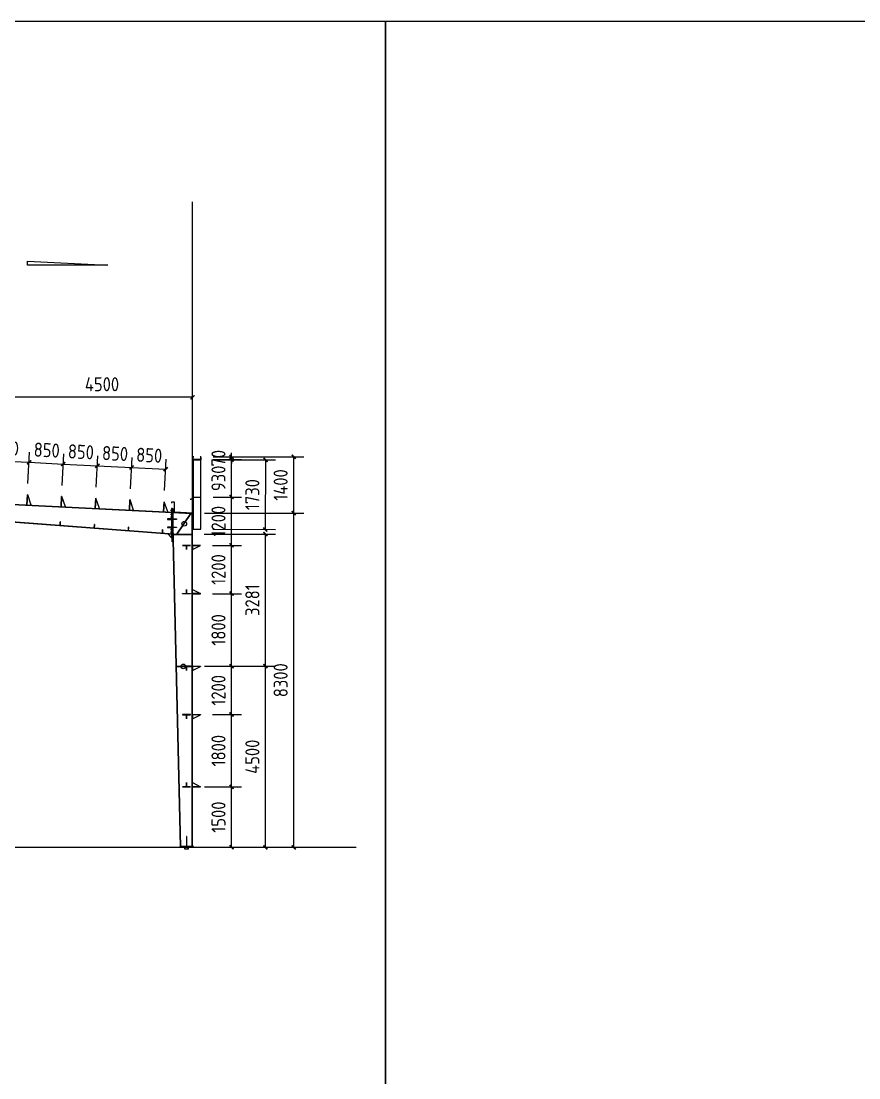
# Model space of a CAD drawing. Extents: x 102162 to 621267, y -39398 to 328893.
# Drawn here: x 211905 to 232727, y 291352 to 317602 of the extents above; entities that cross this region are included whole.
import ezdxf

# ---------------------------------------------------------------- set-up
doc = ezdxf.new("R2010")
doc.units = 0
doc.header["$LTSCALE"] = 1000
doc.header["$MEASUREMENT"] = 0
doc.layers.add('AXIS', color=3, linetype='Continuous')
doc.layers.add('DOTE', color=1, linetype='Continuous')
doc.styles.get("Standard").update_dxf_attribs({"font": 'gbenor.shx', "bigfont": 'gbcbig.shx'})
doc.dimstyles.get("Standard").update_dxf_attribs({"dimscale": 100, "dimtxt": 3.5, "dimasz": 1, "dimexe": 2.5, "dimexo": 3, "dimgap": 1.5, "dimtad": 1, "dimdec": 0, "dimzin": 0, "dimdsep": 46, "dimtxsty": 'Standard', "dimblk": 'ARCHTICK', "dimcen": 0.09, "dimadec": 0, "dimazin": 0, "dimtfac": 1, "dimtdec": 0, "dimtix": 1, "dimtmove": 2, "dimatfit": 3, "dimfxl": 1, "dimtolj": 1, "dimtzin": 0, "dimarcsym": 0})

# ---------------------------------------------------------------- blocks, each defined once
blk = doc.blocks.new('_ArchTick')
at = {"color": 0, "linetype": 'ByBlock', "const_width": 0.4}
blk.add_lwpolyline([(-0.5, -0.5), (0.5, 0.5)], dxfattribs=at)
blk = doc.blocks.new('*D290')
at = {"layer": 'AXIS', "color": 3, "lineweight": -2}
for p, q in [((211665, 306169), (211665, 308507)), ((216165, 305676), (216165, 308507)), ((216165, 308257), (211665, 308257))]:
    blk.add_line(p, q, dxfattribs=at)
at = {"layer": 'Defpoints', "color": 0}
for p in [(211665, 308257), (211665, 305869), (216165, 305376)]:
    blk.add_point(p, dxfattribs=at)
at = {"layer": 'AXIS', "color": 3, "lineweight": -2, "xscale": 100, "yscale": 100, "zscale": 100, "rotation": 180}
blk.add_blockref('_ArchTick', (211665, 308257), dxfattribs=at)
at = {"layer": 'AXIS', "color": 3, "lineweight": -2, "xscale": 100, "yscale": 100, "zscale": 100}
blk.add_blockref('_ArchTick', (216165, 308257), dxfattribs=at)
at = {"layer": 'AXIS', "color": 0, "insert": (213915, 308582), "char_height": 350, "attachment_point": 5}
blk.add_mtext('\\A1;4500', dxfattribs=at)
blk = doc.blocks.new('*D302')
at = {"layer": 'AXIS', "color": 3, "lineweight": -2}
for p, q in [((210777, 306178), (210816, 306956)), ((212075, 306113), (212114, 306891)), ((210803, 306707), (212102, 306642))]:
    blk.add_line(p, q, dxfattribs=at)
at = {"layer": 'Defpoints', "color": 0}
for p in [(212102, 306642), (210762, 305878), (212060, 305813)]:
    blk.add_point(p, dxfattribs=at)
at = {"layer": 'AXIS', "color": 3, "lineweight": -2, "xscale": 100, "yscale": 100, "zscale": 100}
for p, rotation in [((210803, 306707), 177.1375947754135), ((212102, 306642), 357.1375947754135)]:
    blk.add_blockref('_ArchTick', p, dxfattribs=dict(at, rotation=rotation))
at = {"layer": 'AXIS', "color": 0, "insert": (211469, 306999), "char_height": 350, "attachment_point": 5, "rotation": 357.1376}
blk.add_mtext('\\A1;1300', dxfattribs=at)
blk = doc.blocks.new('*D303')
at = {"layer": 'AXIS', "color": 3, "lineweight": -2}
for p, q in [((212075, 306113), (212114, 306891)), ((212102, 306642), (212951, 306599)), ((212924, 306070), (212963, 306849))]:
    blk.add_line(p, q, dxfattribs=at)
at = {"layer": 'Defpoints', "color": 0}
for p in [(212951, 306599), (212060, 305813), (212909, 305771)]:
    blk.add_point(p, dxfattribs=at)
at = {"layer": 'AXIS', "color": 3, "lineweight": -2, "xscale": 100, "yscale": 100, "zscale": 100}
for p, rotation in [((212102, 306642), 177.1375947738892), ((212951, 306599), 357.1375947738892)]:
    blk.add_blockref('_ArchTick', p, dxfattribs=dict(at, rotation=rotation))
at = {"layer": 'AXIS', "color": 0, "insert": (212542, 306945), "char_height": 350, "attachment_point": 5, "rotation": 357.1376}
blk.add_mtext('\\A1;850', dxfattribs=at)
blk = doc.blocks.new('*D304')
at = {"layer": 'AXIS', "color": 3, "lineweight": -2}
for p, q in [((212924, 306070), (212963, 306849)), ((213773, 306028), (213812, 306806)), ((212951, 306599), (213800, 306557))]:
    blk.add_line(p, q, dxfattribs=at)
at = {"layer": 'Defpoints', "color": 0}
for p in [(213800, 306557), (212909, 305771), (213758, 305728)]:
    blk.add_point(p, dxfattribs=at)
at = {"layer": 'AXIS', "color": 3, "lineweight": -2, "xscale": 100, "yscale": 100, "zscale": 100}
for p, rotation in [((212951, 306599), 177.1375947754135), ((213800, 306557), 357.1375947754135)]:
    blk.add_blockref('_ArchTick', p, dxfattribs=dict(at, rotation=rotation))
at = {"layer": 'AXIS', "color": 0, "insert": (213391, 306902), "char_height": 350, "attachment_point": 5, "rotation": 357.1376}
blk.add_mtext('\\A1;850', dxfattribs=at)
blk = doc.blocks.new('*D305')
at = {"layer": 'AXIS', "color": 3, "lineweight": -2}
for p, q in [((213773, 306028), (213812, 306806)), ((214622, 305985), (214661, 306764)), ((213800, 306557), (214649, 306514))]:
    blk.add_line(p, q, dxfattribs=at)
at = {"layer": 'Defpoints', "color": 0}
for p in [(214649, 306514), (213758, 305728), (214607, 305686)]:
    blk.add_point(p, dxfattribs=at)
at = {"layer": 'AXIS', "color": 3, "lineweight": -2, "xscale": 100, "yscale": 100, "zscale": 100}
for p, rotation in [((213800, 306557), 177.1375947754135), ((214649, 306514), 357.1375947754135)]:
    blk.add_blockref('_ArchTick', p, dxfattribs=dict(at, rotation=rotation))
at = {"layer": 'AXIS', "color": 0, "insert": (214240, 306860), "char_height": 350, "attachment_point": 5, "rotation": 357.1376}
blk.add_mtext('\\A1;850', dxfattribs=at)
blk = doc.blocks.new('*D306')
at = {"layer": 'AXIS', "color": 3, "lineweight": -2}
for p, q in [((214622, 305985), (214661, 306764)), ((215471, 305943), (215510, 306721)), ((214649, 306514), (215498, 306472))]:
    blk.add_line(p, q, dxfattribs=at)
at = {"layer": 'Defpoints', "color": 0}
for p in [(215498, 306472), (214607, 305686), (215456, 305643)]:
    blk.add_point(p, dxfattribs=at)
at = {"layer": 'AXIS', "color": 3, "lineweight": -2, "xscale": 100, "yscale": 100, "zscale": 100}
for p, rotation in [((214649, 306514), 177.1375947754135), ((215498, 306472), 357.1375947754135)]:
    blk.add_blockref('_ArchTick', p, dxfattribs=dict(at, rotation=rotation))
at = {"layer": 'AXIS', "color": 0, "insert": (215089, 306818), "char_height": 350, "attachment_point": 5, "rotation": 357.1376}
blk.add_mtext('\\A1;850', dxfattribs=at)
blk = doc.blocks.new('*D321')
at = {"layer": 'AXIS', "color": 3, "lineweight": -2}
for p, q in [((216465, 298579), (217385, 298579)), ((217135, 297079), (217135, 298579)), ((216485, 297079), (217385, 297079))]:
    blk.add_line(p, q, dxfattribs=at)
at = {"layer": 'Defpoints', "color": 0}
for p in [(216165, 298579), (217135, 298579), (216185, 297079)]:
    blk.add_point(p, dxfattribs=at)
at = {"layer": 'AXIS', "color": 3, "lineweight": -2, "xscale": 100, "yscale": 100, "zscale": 100}
for p, rotation in [((217135, 298579), 90), ((217135, 297079), 270)]:
    blk.add_blockref('_ArchTick', p, dxfattribs=dict(at, rotation=rotation))
at = {"layer": 'AXIS', "color": 0, "insert": (216810, 297829), "char_height": 350, "attachment_point": 5, "rotation": 90}
blk.add_mtext('\\A1;1500', dxfattribs=at)
blk = doc.blocks.new('*D322')
at = {"layer": 'AXIS', "color": 3, "lineweight": -2}
for p, q in [((216665, 300379), (217385, 300379)), ((217135, 298579), (217135, 300379)), ((216465, 298579), (217385, 298579))]:
    blk.add_line(p, q, dxfattribs=at)
at = {"layer": 'Defpoints', "color": 0}
for p in [(216365, 300379), (217135, 300379), (216165, 298579)]:
    blk.add_point(p, dxfattribs=at)
at = {"layer": 'AXIS', "color": 3, "lineweight": -2, "xscale": 100, "yscale": 100, "zscale": 100}
for p, rotation in [((217135, 300379), 90), ((217135, 298579), 270)]:
    blk.add_blockref('_ArchTick', p, dxfattribs=dict(at, rotation=rotation))
at = {"layer": 'AXIS', "color": 0, "insert": (216810, 299479), "char_height": 350, "attachment_point": 5, "rotation": 90}
blk.add_mtext('\\A1;1800', dxfattribs=at)
blk = doc.blocks.new('*D323')
at = {"layer": 'AXIS', "color": 3, "lineweight": -2}
for p, q in [((216665, 301579), (217385, 301579)), ((217135, 300379), (217135, 301579)), ((216665, 300379), (217385, 300379))]:
    blk.add_line(p, q, dxfattribs=at)
at = {"layer": 'Defpoints', "color": 0}
for p in [(216365, 301579), (217135, 301579), (216365, 300379)]:
    blk.add_point(p, dxfattribs=at)
at = {"layer": 'AXIS', "color": 3, "lineweight": -2, "xscale": 100, "yscale": 100, "zscale": 100}
for p, rotation in [((217135, 301579), 90), ((217135, 300379), 270)]:
    blk.add_blockref('_ArchTick', p, dxfattribs=dict(at, rotation=rotation))
at = {"layer": 'AXIS', "color": 0, "insert": (216810, 300979), "char_height": 350, "attachment_point": 5, "rotation": 90}
blk.add_mtext('\\A1;1200', dxfattribs=at)
blk = doc.blocks.new('*D324')
at = {"layer": 'AXIS', "color": 3, "lineweight": -2}
for p, q in [((216665, 303379), (217385, 303379)), ((217135, 301579), (217135, 303379)), ((216665, 301579), (217385, 301579))]:
    blk.add_line(p, q, dxfattribs=at)
at = {"layer": 'Defpoints', "color": 0}
for p in [(216365, 303379), (217135, 303379), (216365, 301579)]:
    blk.add_point(p, dxfattribs=at)
at = {"layer": 'AXIS', "color": 3, "lineweight": -2, "xscale": 100, "yscale": 100, "zscale": 100}
for p, rotation in [((217135, 303379), 90), ((217135, 301579), 270)]:
    blk.add_blockref('_ArchTick', p, dxfattribs=dict(at, rotation=rotation))
at = {"layer": 'AXIS', "color": 0, "insert": (216810, 302479), "char_height": 350, "attachment_point": 5, "rotation": 90}
blk.add_mtext('\\A1;1800', dxfattribs=at)
blk = doc.blocks.new('*D325')
at = {"layer": 'AXIS', "color": 3, "lineweight": -2}
for p, q in [((216665, 304579), (217385, 304579)), ((217135, 303379), (217135, 304579)), ((216665, 303379), (217385, 303379))]:
    blk.add_line(p, q, dxfattribs=at)
at = {"layer": 'Defpoints', "color": 0}
for p in [(216365, 304579), (217135, 304579), (216365, 303379)]:
    blk.add_point(p, dxfattribs=at)
at = {"layer": 'AXIS', "color": 3, "lineweight": -2, "xscale": 100, "yscale": 100, "zscale": 100}
for p, rotation in [((217135, 304579), 90), ((217135, 303379), 270)]:
    blk.add_blockref('_ArchTick', p, dxfattribs=dict(at, rotation=rotation))
at = {"layer": 'AXIS', "color": 0, "insert": (216810, 303979), "char_height": 350, "attachment_point": 5, "rotation": 90}
blk.add_mtext('\\A1;1200', dxfattribs=at)
blk = doc.blocks.new('*D326')
at = {"layer": 'AXIS', "color": 3, "lineweight": -2}
for p, q in [((216675, 305779), (217385, 305779)), ((217135, 304579), (217135, 305779)), ((216665, 304579), (217385, 304579))]:
    blk.add_line(p, q, dxfattribs=at)
at = {"layer": 'Defpoints', "color": 0}
for p in [(216375, 305779), (217135, 305779), (216365, 304579)]:
    blk.add_point(p, dxfattribs=at)
at = {"layer": 'AXIS', "color": 3, "lineweight": -2, "xscale": 100, "yscale": 100, "zscale": 100}
for p, rotation in [((217135, 305779), 90), ((217135, 304579), 270)]:
    blk.add_blockref('_ArchTick', p, dxfattribs=dict(at, rotation=rotation))
at = {"layer": 'AXIS', "color": 0, "insert": (216810, 305179), "char_height": 350, "attachment_point": 5, "rotation": 90}
blk.add_mtext('\\A1;1200', dxfattribs=at)
blk = doc.blocks.new('*D327')
at = {"layer": 'AXIS', "color": 3, "lineweight": -2}
for p, q in [((216675, 306709), (217385, 306709)), ((217135, 305779), (217135, 306709)), ((216675, 305779), (217385, 305779))]:
    blk.add_line(p, q, dxfattribs=at)
at = {"layer": 'Defpoints', "color": 0}
for p in [(216375, 306709), (217135, 306709), (216375, 305779)]:
    blk.add_point(p, dxfattribs=at)
at = {"layer": 'AXIS', "color": 3, "lineweight": -2, "xscale": 100, "yscale": 100, "zscale": 100}
for p, rotation in [((217135, 306709), 90), ((217135, 305779), 270)]:
    blk.add_blockref('_ArchTick', p, dxfattribs=dict(at, rotation=rotation))
at = {"layer": 'AXIS', "color": 0, "insert": (216810, 306244), "char_height": 350, "attachment_point": 5, "rotation": 90}
blk.add_mtext('\\A1;930', dxfattribs=at)
blk = doc.blocks.new('*D328')
at = {"layer": 'AXIS', "color": 3, "lineweight": -2}
for p, q in [((217135, 306779), (217135, 306879)), ((216675, 306779), (217385, 306779)), ((216675, 306709), (217385, 306709)), ((217135, 306709), (217135, 306779)), ((217135, 306709), (217135, 306609))]:
    blk.add_line(p, q, dxfattribs=at)
at = {"layer": 'Defpoints', "color": 0}
for p in [(216375, 306779), (216375, 306709), (217135, 306779)]:
    blk.add_point(p, dxfattribs=at)
at = {"layer": 'AXIS', "color": 3, "lineweight": -2, "xscale": 100, "yscale": 100, "zscale": 100}
for p, rotation in [((217135, 306779), 270), ((217135, 306709), 90)]:
    blk.add_blockref('_ArchTick', p, dxfattribs=dict(at, rotation=rotation))
at = {"layer": 'AXIS', "color": 0, "insert": (216810, 306744), "char_height": 350, "attachment_point": 5, "rotation": 90}
blk.add_mtext('\\A1;70', dxfattribs=at)
blk = doc.blocks.new('*D329')
at = {"layer": 'AXIS', "color": 3, "lineweight": -2}
for p, q in [((216465, 301579), (218227, 301579)), ((217977, 297079), (217977, 301579)), ((216485, 297079), (218227, 297079))]:
    blk.add_line(p, q, dxfattribs=at)
at = {"layer": 'Defpoints', "color": 0}
for p in [(216165, 301579), (217977, 301579), (216185, 297079)]:
    blk.add_point(p, dxfattribs=at)
at = {"layer": 'AXIS', "color": 3, "lineweight": -2, "xscale": 100, "yscale": 100, "zscale": 100}
for p, rotation in [((217977, 301579), 90), ((217977, 297079), 270)]:
    blk.add_blockref('_ArchTick', p, dxfattribs=dict(at, rotation=rotation))
at = {"layer": 'AXIS', "color": 0, "insert": (217652, 299329), "char_height": 350, "attachment_point": 5, "rotation": 90}
blk.add_mtext('\\A1;4500', dxfattribs=at)
blk = doc.blocks.new('*D330')
at = {"layer": 'AXIS', "color": 3, "lineweight": -2}
for p, q in [((216455, 304860), (218227, 304860)), ((217977, 301579), (217977, 304860)), ((216465, 301579), (218227, 301579))]:
    blk.add_line(p, q, dxfattribs=at)
at = {"layer": 'Defpoints', "color": 0}
for p in [(216155, 304860), (217977, 304860), (216165, 301579)]:
    blk.add_point(p, dxfattribs=at)
at = {"layer": 'AXIS', "color": 3, "lineweight": -2, "xscale": 100, "yscale": 100, "zscale": 100}
for p, rotation in [((217977, 304860), 90), ((217977, 301579), 270)]:
    blk.add_blockref('_ArchTick', p, dxfattribs=dict(at, rotation=rotation))
at = {"layer": 'AXIS', "color": 0, "insert": (217652, 303220), "char_height": 350, "attachment_point": 5, "rotation": 90}
blk.add_mtext('\\A1;3281', dxfattribs=at)
blk = doc.blocks.new('*D57')
at = {"layer": 'AXIS', "color": 3, "lineweight": -2}
for p, q in [((216465, 305379), (218930, 305379)), ((218680, 297079), (218680, 305379)), ((216485, 297079), (218930, 297079))]:
    blk.add_line(p, q, dxfattribs=at)
at = {"layer": 'Defpoints', "color": 0}
for p in [(216165, 305379), (218680, 305379), (216185, 297079)]:
    blk.add_point(p, dxfattribs=at)
at = {"layer": 'AXIS', "color": 3, "lineweight": -2, "xscale": 100, "yscale": 100, "zscale": 100}
for p, rotation in [((218680, 305379), 90), ((218680, 297079), 270)]:
    blk.add_blockref('_ArchTick', p, dxfattribs=dict(at, rotation=rotation))
at = {"layer": 'AXIS', "color": 0, "insert": (218355, 301229), "char_height": 350, "attachment_point": 5, "rotation": 90}
blk.add_mtext('\\A1;8300', dxfattribs=at)
blk = doc.blocks.new('*D58')
at = {"layer": 'AXIS', "color": 3, "lineweight": -2}
for p, q in [((216675, 306779), (218930, 306779)), ((218680, 305379), (218680, 306779)), ((216465, 305379), (218930, 305379))]:
    blk.add_line(p, q, dxfattribs=at)
at = {"layer": 'Defpoints', "color": 0}
for p in [(216375, 306779), (218680, 306779), (216165, 305379)]:
    blk.add_point(p, dxfattribs=at)
at = {"layer": 'AXIS', "color": 3, "lineweight": -2, "xscale": 100, "yscale": 100, "zscale": 100}
for p, rotation in [((218680, 306779), 90), ((218680, 305379), 270)]:
    blk.add_blockref('_ArchTick', p, dxfattribs=dict(at, rotation=rotation))
at = {"layer": 'AXIS', "color": 0, "insert": (218355, 306079), "char_height": 350, "attachment_point": 5, "rotation": 90}
blk.add_mtext('\\A1;1400', dxfattribs=at)
blk = doc.blocks.new('*D334')
at = {"layer": 'AXIS', "color": 3, "lineweight": -2}
for p, q in [((216675, 306708), (218229, 306703)), ((217979, 306703), (217973, 304973)), ((216669, 304978), (218223, 304973))]:
    blk.add_line(p, q, dxfattribs=at)
at = {"layer": 'Defpoints', "color": 0}
for p in [(216375, 306709), (216369, 304979), (217973, 304973)]:
    blk.add_point(p, dxfattribs=at)
at = {"layer": 'AXIS', "color": 3, "lineweight": -2, "xscale": 100, "yscale": 100, "zscale": 100}
for p, rotation in [((217979, 306703), 89.8012871105621), ((217973, 304973), 269.801287110562)]:
    blk.add_blockref('_ArchTick', p, dxfattribs=dict(at, rotation=rotation))
at = {"layer": 'AXIS', "color": 0, "insert": (217651, 305840), "char_height": 350, "attachment_point": 5, "rotation": 89.8013}
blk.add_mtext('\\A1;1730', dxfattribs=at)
────
PROBLEM TO WORK ON =>
Search the entries for the word "layers" and copy every line that holds it.

RESPONSE =>
doc.layers.add('AXIS', color=3, linetype='Continuous')
doc.layers.add('DOTE', color=1, linetype='Continuous')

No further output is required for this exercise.